Monday, June 6, 2011

The Case Against Category Management – Exercise 5 -2

I have gathered some information regarding costs and profits, tracking the costs and markup rates from suppliers, through retailers, to the consumers. For this exercise, I have chosen a Snicker’s bar (UPC 040000001027). IMPORTANT: You will have to take my word that this can easily be done with our current technology and read to the end; else, you may never get through the first section.

We are going to assume the grocery supplier’s markup on this item is 1.26, yielding a gross profit for the supplier of around 21 percent. The current arrangement is, the retailer receives the merchandise and the inventory is marked up for a 52.762 percent gross profit, resulting in the selling price for the candy bar at $1.09. To get a better understanding, you should follow along using the links below.

Supplier’s Cost: $0.40873
Sells to Retailer: $0.515
Supplier’s Profit: $0.10627

Retailer’s Cost: $0.515
Retailer’s Selling Price: $1.09
Retailer’s Profit: $0.57500

Supplier Cost: $0.40873
Sells to Retailer: $0.20437

Retailer’s Cost on purchase: $0.20437
Retailer’s Price: $1.09
Retailer’s Profit: $1.09 - $0.20437 = $0.88563
Retailer’s Profit Split with Suppler: $0.88563 * 50 percent = $0.44282
Retailer’s Gross Profit: $1.09 - $0.20437 - $0.44282 = $0.44282

Supplier’s Profit: $0.44282 - $0.20437 = $0.23845

It is clearly obvious, by selling the candy bar for half of what he paid for it, then taking 50 percent of the retailer’s profit after the sale, the supplier’s profit has more than doubled, from $0.10627 to $0.23845; so, why is this a good deal for the retailer?

There are several reasons: For one thing, it is an enormous advantage to the retailer because, the supplier has just transferred most of the risk back to himself, he manages the retailer’s inventory for him, and the retailer’s investment in inventory drops from $0.515 to only $0.20437… a whopping 60.3%; in other words, checks written to suppliers drop by less than half. Imagine how this will affect the retailer’s cash flow.

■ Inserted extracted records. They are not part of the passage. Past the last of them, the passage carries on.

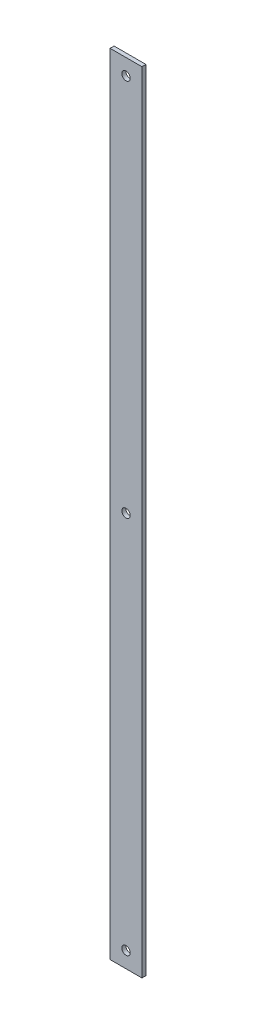
from build123d import *

# Parameters (mm, degrees)
SKETCH1_W           = 25.4
SKETCH1_H           = 628.65
BOSS_EXTRUDE1_DEPTH = 3.175
SKETCH2_R           = 3.3655
CUT_EXTRUDE1_DEPTH  = 4.175
LPATTERN1_COUNT     = 3
LPATTERN1_PITCH     = 301.625


with BuildPart() as part:
    # Sketch1 → Boss-Extrude1 (new body)
    with BuildSketch(Plane.XY):
        with Locations((-12.7, 314.325)):
            Rectangle(SKETCH1_W, SKETCH1_H)
    extrude(amount=BOSS_EXTRUDE1_DEPTH)

    # Sketch2 → Cut-Extrude1 (cut, through all)
    with BuildSketch(Plane.XY.offset(3.175)):
        with Locations((-12.7, 12.7)):
            Circle(SKETCH2_R)
    cut_extrude1 = extrude(amount=-CUT_EXTRUDE1_DEPTH, mode=Mode.SUBTRACT)

    # LPattern1: Cut-Extrude1 ×3
    with Locations(*[(0, i * LPATTERN1_PITCH, 0) for i in range(1, LPATTERN1_COUNT)]):
        add(cut_extrude1, mode=Mode.SUBTRACT)


solid = part.part

Your knee-jerk reaction might be, ‘this is a disproportionate advantage to the supplier’. Well, you would be half right; but, not so fast. Let’s walk in the supplier’s shoes for a moment: If the supplier takes an item to a store that never sells, using the figures above, he loses $0.20437, because he paid $0.40873 for the item and only received half of that investment back on the transfer to the retailer.

So, what’s the supplier’s incentive? To pick the item up, credit the retailer and put it where it will sell; or lower the sales price on the item, so he and the retailer can make at least some profit on the deal.  It doesn’t take much imagination to see the supplier’s incentive is to take to the store, only the inventory that he can make a profit on, rather than making a profit on each and every item he delivers. The supplier also suddenly becomes very interested in what sells best in the store to maximize his own profits.

Of course, the supplier is floating the $0.20437 loss, but only for one week, because he is going to have a strong incentive to deliver only what the retailer can sell between delivery cycles. In addition, he is going to pay more attention to the pricing because the product is in effect, on consignment.